What the task requires
Go through the entries below from the first line and output each one exactly, up to and including the line with "settings RTWCC: GPUComputeCapability=3.5".

Records shown
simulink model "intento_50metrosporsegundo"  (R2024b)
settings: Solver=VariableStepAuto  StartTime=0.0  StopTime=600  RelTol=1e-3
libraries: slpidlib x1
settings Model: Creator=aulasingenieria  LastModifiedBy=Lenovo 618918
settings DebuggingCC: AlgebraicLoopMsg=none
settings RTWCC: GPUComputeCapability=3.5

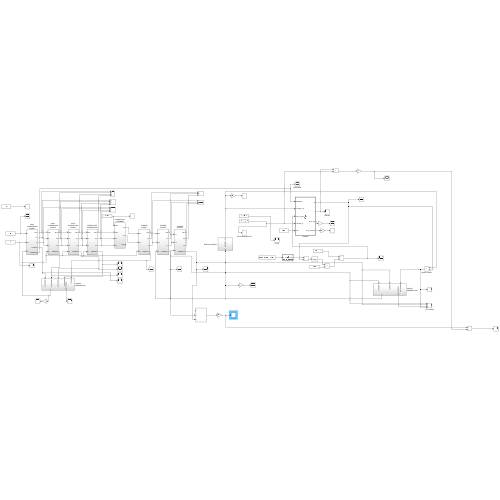
[thumbnail: Simulink's stored preview of the top-level diagram]
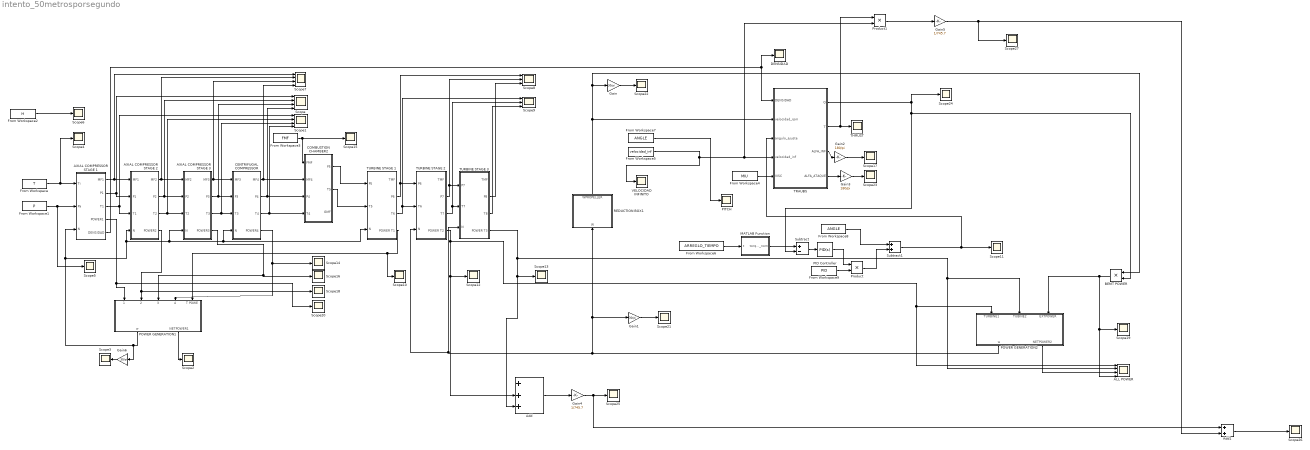
== system intento_50metrosporsegundo ==
  ALL POWER : Scope  NumInputPorts=4
  AXIAL COMPRESSOR STAGE 1 : Subsystem
  AXIAL COMPRESSOR STAGE 2 : Subsystem
  AXIAL COMPRESSOR STAGE 3 : Subsystem
  Add : Sum  Inputs=+++
  Add1 : Sum
  BEMT POWER : Product
  CENTRIFUGAL COMPRESSOR : Subsystem
  COMBUSTION CHAMBER2 : Subsystem
  DENSIDAD : Scope
  From Workspace : FromWorkspace  VariableName=T
  From Workspace1 : FromWorkspace  VariableName=P
  From Workspace2 : FromWorkspace  VariableName=H
  From Workspace3 : FromWorkspace  VariableName=FMF
  From Workspace4 : FromWorkspace  VariableName=MIU
  From Workspace5 : FromWorkspace  VariableName=velocidad_inf
  From Workspace6 : FromWorkspace  VariableName=ARREGLO_TIEMPO
  From Workspace7 : FromWorkspace  VariableName=ANGLE
  From Workspace8 : FromWorkspace  VariableName=ANGLE
  From Workspace9 : FromWorkspace  VariableName=PID
  Gain : Gain  Gain=30/pi
  Gain1 : Gain  Gain=30/pi
  Gain2 : Gain  Gain=180/pi
  Gain3 : Gain  Gain=180/pi
  Gain4 : Gain  Gain=1/745.7
  Gain5 : Gain  Gain=1/745.7
  Gain6 : Gain  Gain=30/pi
  MATLAB Function : MATLAB Function  TreatAsAtomicUnit=on
  PID Controller : slpidlib/PID Controller  Controller=PID  Form=Parallel  TimeDomain=Continuous-time  UseExternalTs=off  SampleTime=-1  IntegratorMethod=Forward Euler  FilterMethod=Forward Euler  ControllerParametersSource=internal  P=0.001  I=0.0001  UseKiTs=off  D=0.0001  UseExternalDerivativeSource=off  N=100  UseFilter=on  TunerSelectOption=Transfer Function Based (PID Tuner App)  InitialConditionSource=internal  InitialConditionForIntegrator=0  InitialConditionForFilter=0  DifferentiatorICPrevScaledInput=0  ExternalReset=none  TrackingMode=off  Kt=1  LimitOutput=off  SatLimitsSource=internal  UpperSaturationLimit=inf  LowerSaturationLimit=-inf  LinearizeAsGain=on  AntiWindupMode=none  Kb=1  LimitIntegrator=off  UpperIntegratorSaturationLimit=inf  LowerIntegratorSaturationLimit=-inf  POutMin=[]  POutMax=[]  IOutMin=[]  IOutMax=[]  DOutMin=[]  DOutMax=[]  NOutMin=[]  NOutMax=[]  SumOutMin=[]  SumOutMax=[]  SaturationOutMin=[]  SaturationOutMax=[]  PParamMin=[]  PParamMax=[]  IParamMin=[]  IParamMax=[]  DParamMin=[]  DParamMax=[]  NParamMin=[]  NParamMax=[]  KbParamMin=[]  KbParamMax=[]  KtParamMin=[]  KtParamMax=[]  KbOutMin=[]  KbOutMax=[]  KtOutMin=[]  KtOutMax=[]  IntegratorOutMin=[]  IntegratorOutMax=[]  FilterOutMin=[]  FilterOutMax=[]  SumI1OutMin=[]  SumI1OutMax=[]  SumI2OutMin=[]  SumI2OutMax=[]  SumI3OutMin=[]  SumI3OutMax=[]  SumI4OutMin=[]  SumI4OutMax=[]  SumDOutMin=[]  SumDOutMax=[]  DifferentiatorOutMin=[]  DifferentiatorOutMax=[]  FilterDiffOutCoefMin=[]  FilterDiffOutCoefMax=[]  ReciprocalOutMin=[]  ReciprocalOutMax=[]  SumDenOutMin=[]  SumDenOutMax=[]  SumNumOutMin=[]  SumNumOutMax=[]  DivideOutMin=[]  DivideOutMax=[]  UdiffTsProdOutMin=[]  UdiffTsProdOutMax=[]  NTsProdOutMin=[]  NTsProdOutMax=[]  UintegralTsProdOutMin=[]  UintegralTsProdOutMax=[]  UngainTsProdOutMin=[]  UngainTsProdOutMax=[]  ClampingZeroOutDataTypeStr=Inherit: Inherit via back propagation  ClampingZeroOutMin=[]  ClampingZeroOutMax=[]  FilterDenConstantOutDataTypeStr=Inherit: Inherit via back propagation  FilterDenConstantOutMin=[]  FilterDenConstantOutMax=[]  PCopyOutDataTypeStr=Inherit: Inherit via back propagation  PCopyOutMin=[]  PCopyOutMax=[]  NCopyOutDataTypeStr=Inherit: Inherit via back propagation  NCopyOutMin=[]  NCopyOutMax=[]  IntegratorContinuousStateAttributes=''  IntegratorStateMustResolveToSignalObject=off  IntegratorRTWStateStorageClass=Auto  FilterContinuousStateAttributes=''  FilterStateMustResolveToSignalObject=off  FilterRTWStateStorageClass=Auto  ParallelPVariant=InternalParameters  IdealPVariant=Disabled  IVariant=InternalParameters  DVariant=InternalParameters  IntegratorVariant=Continuous  SatVariant=Disabled  AWVariant=Passthrough  PCopyVariant=Disabled  TRVariant=Disabled  FdbkBlocksVariant=Forward  IdealPFdbkVariant=Disabled  SatFdbkVariant=Disabled  DerivativeFilterVariant=ContFilter  NVariant=InternalParameters  NCopyVariant=Disabled  FilterICVariant=InternalICsFilter  IntegratorICVariant=InternalICs  ExternalResetVariant=Disabled  TRSumVariant=Passthrough  SumFdbkVariant=Disabled  SumVariant=Sum_PID  TsampFilterVariant=InternalTs  TsampNgainVariant=Passthrough  TsampIntegralVariant=Disabled_SignalSpec  ExternalSaturationOutDataTypeStr=Inherit: Same as second input  DerivativeSourceVariant=ErrorSignal  PreIntVariant=InternalPreInt
  PITCH : Scope
  POWER GENERATION1 : Subsystem
  POWER GENERATION2 : Subsystem
  Product : Product
  Product1 : Product
  REDUCTION BOX1 : Subsystem
  Scope : Scope  NumInputPorts=4
  Scope1 : Scope  NumInputPorts=4
  Scope{2..6,10..27} (23 alike) : Scope
  Scope7 : Scope  NumInputPorts=4
  Scope8 : Scope  NumInputPorts=3
  Scope9 : Scope  NumInputPorts=3
  Subtract : Sum  Inputs=+-
  Subtract1 : Sum
  THRUST : Scope
  TRAUBS : MATLAB Function  TreatAsAtomicUnit=on
  TURBINE STAGE 1 : Subsystem
  TURBINE STAGE 2 : Subsystem
  TURBINE STAGE 3 : Subsystem
  VELOCIDAD INFINITO : Scope
  wires:
  TURBINE STAGE 1/2(P6) -> Scope8/1, TURBINE STAGE 2/1(P6)
  TURBINE STAGE 2/3(T7) -> TURBINE STAGE 3/2(T7), Scope9/2
  AXIAL COMPRESSOR STAGE 3/3(T3) -> CENTRIFUGAL COMPRESSOR/3(T3), Scope1/3
  CENTRIFUGAL COMPRESSOR/4(POWER4) -> POWER GENERATION1/4(CC POWER), Scope14/1
  CENTRIFUGAL COMPRESSOR/2(P4) -> COMBUSTION CHAMBER2/3(P4), Scope/4
  TURBINE STAGE 2/2(P7) -> Scope8/2, TURBINE STAGE 3/1(P7)
  TURBINE STAGE 3/2(P8) -> Scope8/3
  AXIAL COMPRESSOR STAGE 3/1(MF3) -> CENTRIFUGAL COMPRESSOR/1(MF3), Scope7/3
  TURBINE STAGE 3/3(T8) -> Scope9/3
  CENTRIFUGAL COMPRESSOR/3(T4) -> COMBUSTION CHAMBER2/4(T4), Scope1/4
  AXIAL COMPRESSOR STAGE 2/2(P2) -> AXIAL COMPRESSOR STAGE 3/2(P2), Scope/2
  TURBINE STAGE 1/3(T6) -> TURBINE STAGE 2/2(T6), Scope9/1
  POWER GENERATION1/1(w) -> Gain6/1, AXIAL COMPRESSOR STAGE 1/3(N), AXIAL COMPRESSOR STAGE 3/4(N), CENTRIFUGAL COMPRESSOR/4(N), TURBINE STAGE 1/3(N), AXIAL COMPRESSOR STAGE 2/4(N)
  AXIAL COMPRESSOR STAGE 3/2(P3) -> CENTRIFUGAL COMPRESSOR/2(P3), Scope/3
  From Workspace1/1 -> Scope5/1, AXIAL COMPRESSOR STAGE 1/2(Pa)
  CENTRIFUGAL COMPRESSOR/1(MF4) -> Scope7/4, COMBUSTION CHAMBER2/2(MF4)
  COMBUSTION CHAMBER2/1(P5) -> TURBINE STAGE 1/1(P5)
  POWER GENERATION1/2(NETPOWER1) -> Scope2/1
  AXIAL COMPRESSOR STAGE 2/1(MF2) -> AXIAL COMPRESSOR STAGE 3/1(MF2), Scope7/2
  From Workspace3/1 -> Scope15/1, COMBUSTION CHAMBER2/1(FMF)
  AXIAL COMPRESSOR STAGE 3/4(POWER3) -> Scope16/1, POWER GENERATION1/3(AC POWER3)
  AXIAL COMPRESSOR STAGE 2/3(T2) -> AXIAL COMPRESSOR STAGE 3/3(T2), Scope1/2
  TURBINE STAGE 1/4(POWER T1) -> Scope10/1, POWER GENERATION1/5(T POWE)
  AXIAL COMPRESSOR STAGE 1/2(P1) -> AXIAL COMPRESSOR STAGE 2/2(P1), Scope/1
  AXIAL COMPRESSOR STAGE 1/1(MF1) -> AXIAL COMPRESSOR STAGE 2/1(MF1), Scope7/1
  AXIAL COMPRESSOR STAGE 2/4(POWER2) -> Scope18/1, POWER GENERATION1/2(AC POWER2)
  From Workspace/1 -> Scope4/1, AXIAL COMPRESSOR STAGE 1/1(Ti)
  AXIAL COMPRESSOR STAGE 1/4(POWER1) -> Scope20/1, POWER GENERATION1/1(AC POWER1)
  AXIAL COMPRESSOR STAGE 1/3(T1) -> AXIAL COMPRESSOR STAGE 2/3(T1), Scope1/1
  COMBUSTION CHAMBER2/2(T5) -> TURBINE STAGE 1/2(T5)
  From Workspace2/1 -> Scope6/1
  TURBINE STAGE 2/4(POWER T2) -> Scope12/1, Add/2, ALL POWER/1, POWER GENERATION2/1(TURBINE1)
  TURBINE STAGE 3/4(POWER T3) -> Add/3, Scope13/1, ALL POWER/2, POWER GENERATION2/2(TUBINE2)
  From Workspace5/1 -> Product1/2, TRAUBS/4(velocidad_inf), VELOCIDAD INFINITO/1
  POWER GENERATION2/2(NETPOWER2) -> ALL POWER/3
  Gain/1 -> Scope22/1
  REDUCTION BOX1/1(WPROPELLER) -> BEMT POWER/1, Gain/1, TRAUBS/2(velocidad_rpm)
  BEMT POWER/1 -> POWER GENERATION2/3(EXTPOWER), Scope19/1, ALL POWER/4
  AXIAL COMPRESSOR STAGE 1/5(DENSIDAD) -> DENSIDAD/1, TRAUBS/1(DENSIDAD)
  From Workspace4/1 -> TRAUBS/5(VISC)
  Subtract/1 -> PID Controller/1
  MATLAB Function/1(torque_nom) -> Subtract/1
  From Workspace6/1 -> MATLAB Function/1(t)
  From Workspace8/1 -> Subtract1/1
  POWER GENERATION2/1(w) -> Gain1/1, REDUCTION BOX1/1(W), TURBINE STAGE 3/3(N), TURBINE STAGE 2/3(N)
  From Workspace7/1 -> PITCH/1
  TRAUBS/1(Q) -> Scope24/1, BEMT POWER/2, Subtract/2
  TRAUBS/2(T) -> Product1/1, THRUST/1
  From Workspace9/1 -> Product/2
  PID Controller/1 -> Product/1
  Product/1 -> Subtract1/2
  Gain1/1 -> Scope21/1
  TRAUBS/3(ALFA_INF) -> Gain2/1
  Gain2/1 -> Scope17/1
  TRAUBS/4(ALFA_ATAQUE) -> Gain3/1
  Gain3/1 -> Scope23/1
  Subtract1/1 -> TRAUBS/3(angulo_ajuste), Scope11/1
  Gain4/1 -> Scope25/1, Add1/1
  Add/1 -> Gain4/1
  Product1/1 -> Gain5/1
  Gain5/1 -> Scope27/1, Add1/2
  Add1/1 -> Scope26/1
  Gain6/1 -> Scope3/1

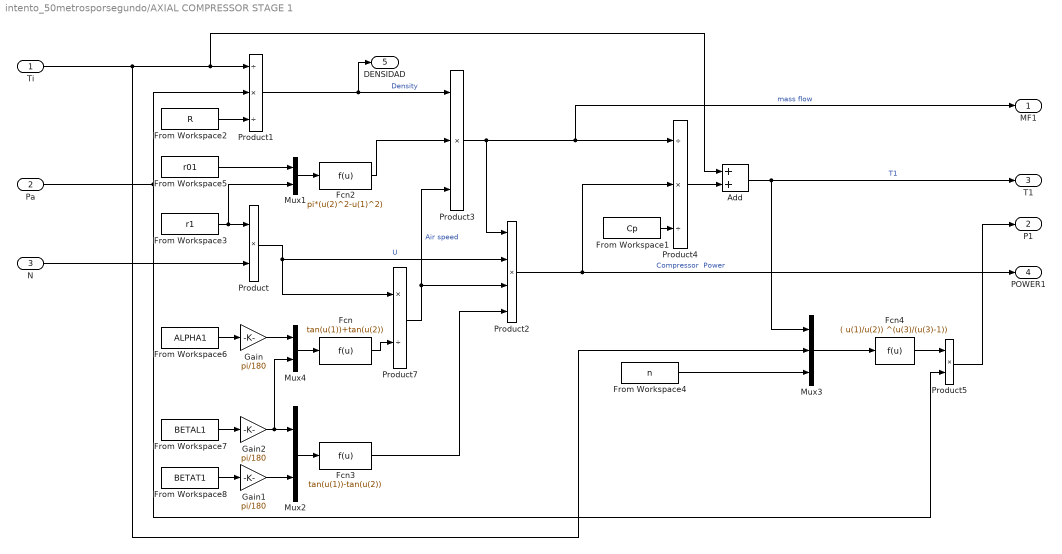
== system intento_50metrosporsegundo/AXIAL COMPRESSOR STAGE 1 ==
  Ti : Inport
  Pa : Inport  Port=2
  N : Inport  Port=3
  Add : Sum
  Fcn : Fcn  Expr=tan(u(1))+tan(u(2))
  Fcn2 : Fcn  Expr=pi*(u(2)^2-u(1)^2)
  Fcn3 : Fcn  Expr=tan(u(1))-tan(u(2))
  Fcn4 : Fcn  Expr=( u(1)/u(2)) ^(u(3)/(u(3)-1))
  From Workspace1 : FromWorkspace  VariableName=Cp
  From Workspace2 : FromWorkspace  VariableName=R
  From Workspace3 : FromWorkspace  VariableName=r1
  From Workspace4 : FromWorkspace  VariableName=n
  From Workspace5 : FromWorkspace  VariableName=r01
  From Workspace6 : FromWorkspace  VariableName=ALPHA1
  From Workspace7 : FromWorkspace  VariableName=BETAL1
  From Workspace8 : FromWorkspace  VariableName=BETAT1
  Gain : Gain  Gain=pi/180
  Gain1 : Gain  Gain=pi/180
  Gain2 : Gain  Gain=pi/180
  Mux1 : Mux  Inputs=2
  Mux2 : Mux  Inputs=2
  Mux3 : Mux  Inputs=3
  Mux4 : Mux  Inputs=2
  Product : Product
  Product1 : Product  Inputs=/*/
  Product2 : Product  Inputs=****
  Product3 : Product  Inputs=3
  Product4 : Product  Inputs=/*/
  Product5 : Product
  Product7 : Product  Inputs=*/
  MF1 : Outport
  P1 : Outport  Port=2
  T1 : Outport  Port=3
  POWER1 : Outport  Port=4
  DENSIDAD : Outport  Port=5
  wires:
  Fcn3/1 -> Product2/4
  From Workspace1/1 -> Product4/3
  Ti/1 -> Add/1, Product1/1, Mux3/2
  Mux3/1 -> Fcn4/1
  From Workspace8/1 -> Gain1/1
  Product1/1 -> DENSIDAD/1, Product3/1  "Density"
  Gain/1 -> Mux4/1
  From Workspace4/1 -> Mux3/3
  Mux1/1 -> Fcn2/1
  Mux2/1 -> Fcn3/1
  Product7/1 -> Product2/3, Product3/3  "Air speed"
  Product/1 -> Product7/1, Product2/2  "U"
  Product3/1 -> Product4/1, MF1/1, Product2/1  "mass flow"
  Fcn2/1 -> Product3/2
  Gain1/1 -> Mux2/2
  From Workspace6/1 -> Gain/1
  From Workspace5/1 -> Mux1/1
  N/1 -> Product/2
  From Workspace7/1 -> Gain2/1
  From Workspace3/1 -> Mux1/2, Product/1
  Add/1 -> T1/1, Mux3/1  "T1"
  Product4/1 -> Add/2
  From Workspace2/1 -> Product1/3
  Gain2/1 -> Mux2/1, Mux4/2
  Product2/1 -> POWER1/1, Product4/2  "Compressor  Power"
  Mux4/1 -> Fcn/1
  Product5/1 -> P1/1
  Fcn4/1 -> Product5/1
  Fcn/1 -> Product7/2
  Pa/1 -> Product1/2, Product5/2

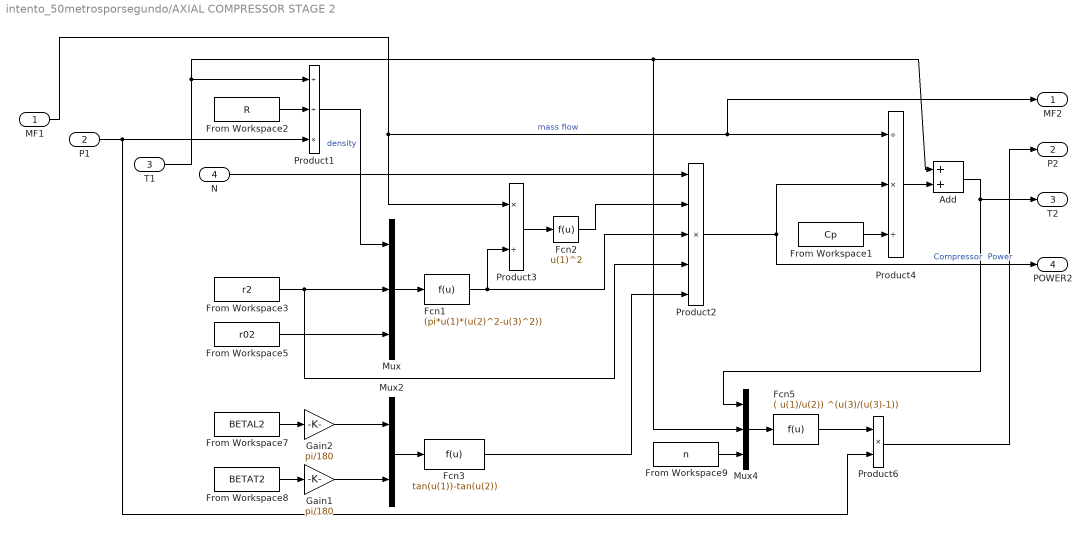
== system intento_50metrosporsegundo/AXIAL COMPRESSOR STAGE 2 ==
  MF1 : Inport
  P1 : Inport  Port=2
  T1 : Inport  Port=3
  N : Inport  Port=4
  Add : Sum
  Fcn1 : Fcn  Expr=(pi*u(1)*(u(2)^2-u(3)^2))
  Fcn2 : Fcn  Expr=u(1)^2
  Fcn3 : Fcn  Expr=tan(u(1))-tan(u(2))
  Fcn5 : Fcn  Expr=( u(1)/u(2)) ^(u(3)/(u(3)-1))
  From Workspace1 : FromWorkspace  VariableName=Cp
  From Workspace2 : FromWorkspace  VariableName=R
  From Workspace3 : FromWorkspace  VariableName=r2
  From Workspace5 : FromWorkspace  VariableName=r02
  From Workspace7 : FromWorkspace  VariableName=BETAL2
  From Workspace8 : FromWorkspace  VariableName=BETAT2
  From Workspace9 : FromWorkspace  VariableName=n
  Gain1 : Gain  Gain=pi/180
  Gain2 : Gain  Gain=pi/180
  Mux : Mux  Inputs=3
  Mux2 : Mux  Inputs=2
  Mux4 : Mux  Inputs=3
  Product1 : Product  Inputs=//*
  Product2 : Product  Inputs=*****
  Product3 : Product  Inputs=*/
  Product4 : Product  Inputs=/*/
  Product6 : Product
  MF2 : Outport
  P2 : Outport  Port=2
  T2 : Outport  Port=3
  POWER2 : Outport  Port=4
  wires:
  Add/1 -> T2/1, Mux4/1
  Product4/1 -> Add/2
  From Workspace3/1 -> Product2/4, Mux/2
  P1/1 -> Product1/3, Product6/2
  Product2/1 -> POWER2/1, Product4/2  "Compressor  Power"
  MF1/1 -> Product3/1, MF2/1, Product4/1  "mass flow"
  From Workspace5/1 -> Mux/3
  T1/1 -> Product1/1, Mux4/2, Add/1
  Fcn3/1 -> Product2/5
  From Workspace7/1 -> Gain2/1
  From Workspace1/1 -> Product4/3
  Gain2/1 -> Mux2/1
  Mux2/1 -> Fcn3/1
  Gain1/1 -> Mux2/2
  From Workspace8/1 -> Gain1/1
  From Workspace2/1 -> Product1/2
  Product1/1 -> Mux/1  "density"
  Fcn2/1 -> Product2/2
  Mux/1 -> Fcn1/1
  Fcn1/1 -> Product2/3, Product3/2
  Product3/1 -> Fcn2/1
  N/1 -> Product2/1
  Fcn5/1 -> Product6/1
  Mux4/1 -> Fcn5/1
  Product6/1 -> P2/1
  From Workspace9/1 -> Mux4/3

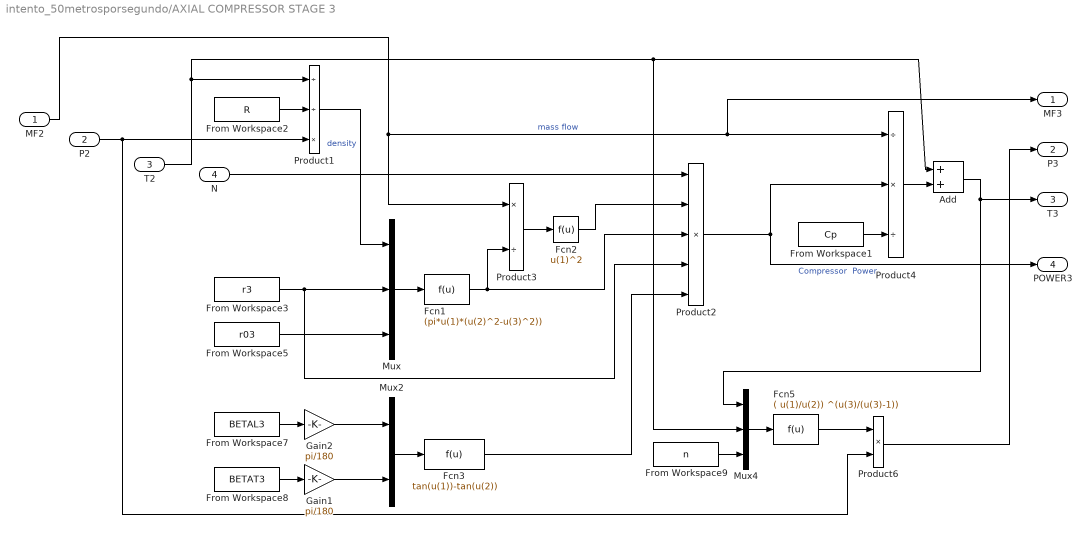
== system intento_50metrosporsegundo/AXIAL COMPRESSOR STAGE 3 ==
  MF2 : Inport
  P2 : Inport  Port=2
  T2 : Inport  Port=3
  N : Inport  Port=4
  Add : Sum
  Fcn1 : Fcn  Expr=(pi*u(1)*(u(2)^2-u(3)^2))
  Fcn2 : Fcn  Expr=u(1)^2
  Fcn3 : Fcn  Expr=tan(u(1))-tan(u(2))
  Fcn5 : Fcn  Expr=( u(1)/u(2)) ^(u(3)/(u(3)-1))
  From Workspace1 : FromWorkspace  VariableName=Cp
  From Workspace2 : FromWorkspace  VariableName=R
  From Workspace3 : FromWorkspace  VariableName=r3
  From Workspace5 : FromWorkspace  VariableName=r03
  From Workspace7 : FromWorkspace  VariableName=BETAL3
  From Workspace8 : FromWorkspace  VariableName=BETAT3
  From Workspace9 : FromWorkspace  VariableName=n
  Gain1 : Gain  Gain=pi/180
  Gain2 : Gain  Gain=pi/180
  Mux : Mux  Inputs=3
  Mux2 : Mux  Inputs=2
  Mux4 : Mux  Inputs=3
  Product1 : Product  Inputs=//*
  Product2 : Product  Inputs=*****
  Product3 : Product  Inputs=*/
  Product4 : Product  Inputs=/*/
  Product6 : Product
  MF3 : Outport
  P3 : Outport  Port=2
  T3 : Outport  Port=3
  POWER3 : Outport  Port=4
  wires:
  Add/1 -> T3/1, Mux4/1
  Product4/1 -> Add/2
  From Workspace3/1 -> Product2/4, Mux/2
  P2/1 -> Product1/3, Product6/2
  Product2/1 -> POWER3/1, Product4/2  "Compressor  Power"
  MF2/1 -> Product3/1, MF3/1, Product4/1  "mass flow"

Response
simulink model "intento_50metrosporsegundo"  (R2024b)
settings: Solver=VariableStepAuto  StartTime=0.0  StopTime=600  RelTol=1e-3
libraries: slpidlib x1
settings Model: Creator=aulasingenieria  LastModifiedBy=Lenovo 618918
settings DebuggingCC: AlgebraicLoopMsg=none
settings RTWCC: GPUComputeCapability=3.5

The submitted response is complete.